> _WHAT YOU HAVE TO DO_:
Print the lines that run from the line with "StorageManager .up.|> Storage" to the line with "JsonTutorAidStudentStorage .up.|> TutorAidStudentStorage", keeping both end lines, exactly as they appear in the entries below, and nothing else.

> _DATASET RECORDS_:
----------

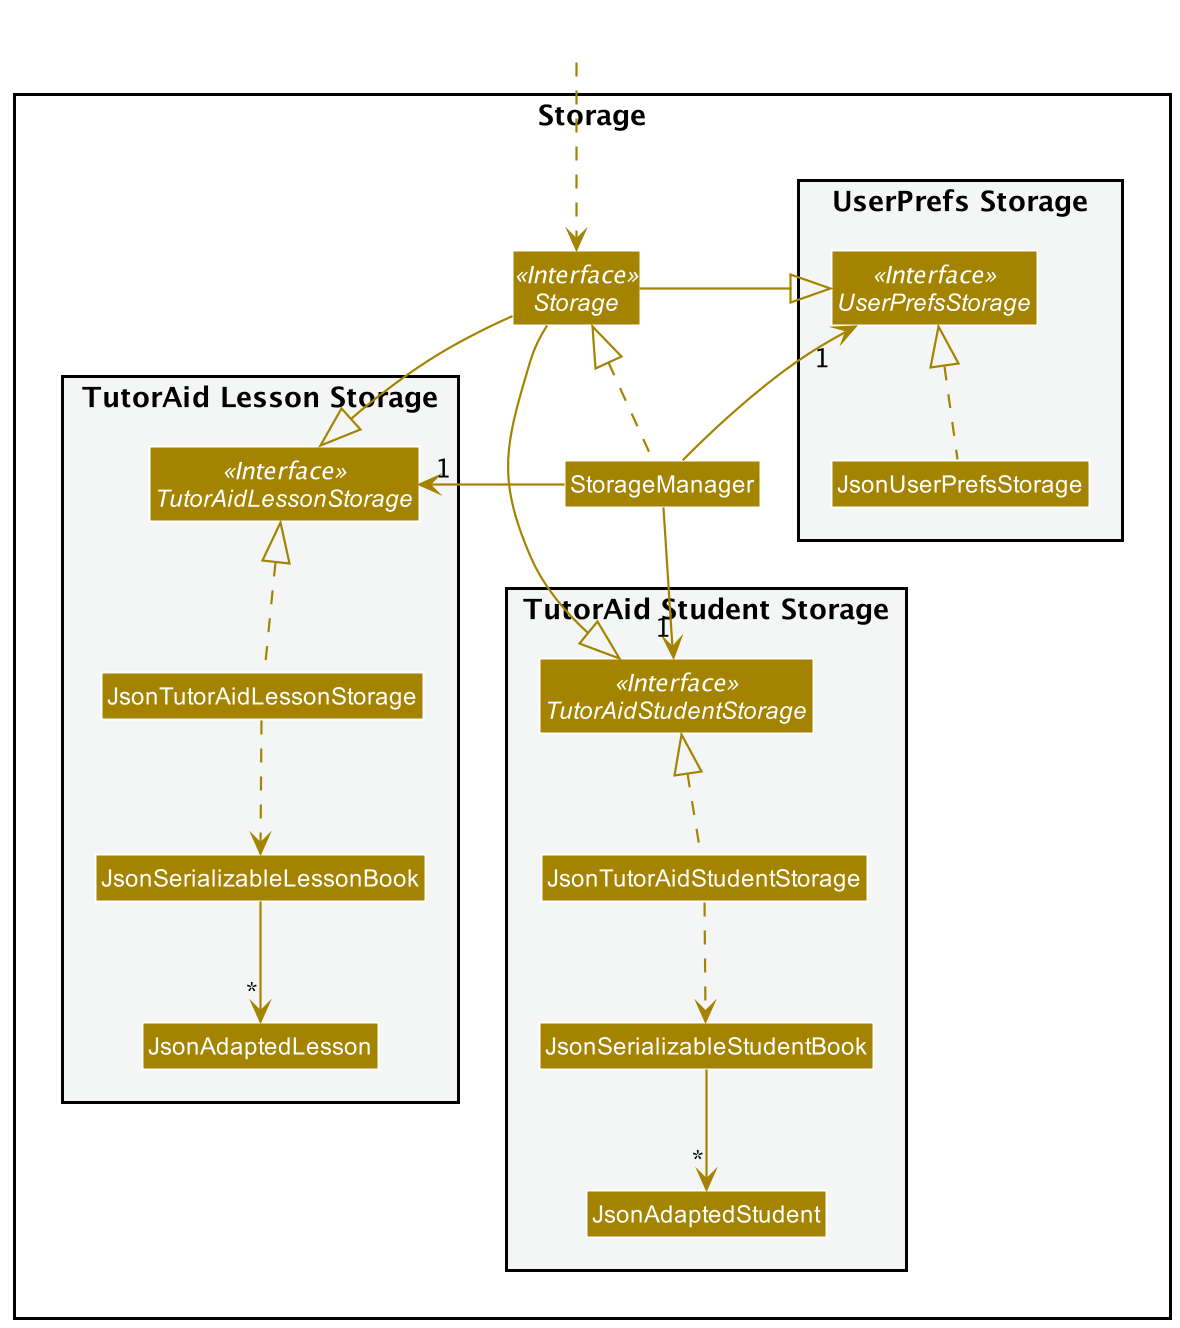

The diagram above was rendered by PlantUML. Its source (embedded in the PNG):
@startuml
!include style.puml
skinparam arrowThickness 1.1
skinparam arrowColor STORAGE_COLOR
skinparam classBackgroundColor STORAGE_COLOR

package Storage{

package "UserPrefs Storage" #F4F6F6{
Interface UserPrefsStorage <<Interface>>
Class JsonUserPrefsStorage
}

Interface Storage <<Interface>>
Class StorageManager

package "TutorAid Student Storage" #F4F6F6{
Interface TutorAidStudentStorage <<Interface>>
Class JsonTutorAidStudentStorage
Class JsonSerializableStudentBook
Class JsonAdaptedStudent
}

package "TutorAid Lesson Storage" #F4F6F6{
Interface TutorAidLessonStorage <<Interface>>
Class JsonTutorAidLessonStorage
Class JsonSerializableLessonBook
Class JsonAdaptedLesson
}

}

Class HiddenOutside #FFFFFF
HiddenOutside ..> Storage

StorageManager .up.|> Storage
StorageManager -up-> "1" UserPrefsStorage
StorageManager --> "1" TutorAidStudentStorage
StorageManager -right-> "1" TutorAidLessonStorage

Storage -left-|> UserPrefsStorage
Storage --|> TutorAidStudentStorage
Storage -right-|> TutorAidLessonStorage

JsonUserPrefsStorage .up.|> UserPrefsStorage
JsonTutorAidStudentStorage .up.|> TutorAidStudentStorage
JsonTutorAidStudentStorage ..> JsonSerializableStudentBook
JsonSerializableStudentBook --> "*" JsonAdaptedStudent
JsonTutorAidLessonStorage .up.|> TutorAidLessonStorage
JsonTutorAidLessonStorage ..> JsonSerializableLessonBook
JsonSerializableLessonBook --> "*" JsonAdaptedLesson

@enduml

----------

> _EXPECTED ANSWER_:
StorageManager .up.|> Storage
StorageManager -up-> "1" UserPrefsStorage
StorageManager --> "1" TutorAidStudentStorage
StorageManager -right-> "1" TutorAidLessonStorage

Storage -left-|> UserPrefsStorage
Storage --|> TutorAidStudentStorage
Storage -right-|> TutorAidLessonStorage

JsonUserPrefsStorage .up.|> UserPrefsStorage
JsonTutorAidStudentStorage .up.|> TutorAidStudentStorage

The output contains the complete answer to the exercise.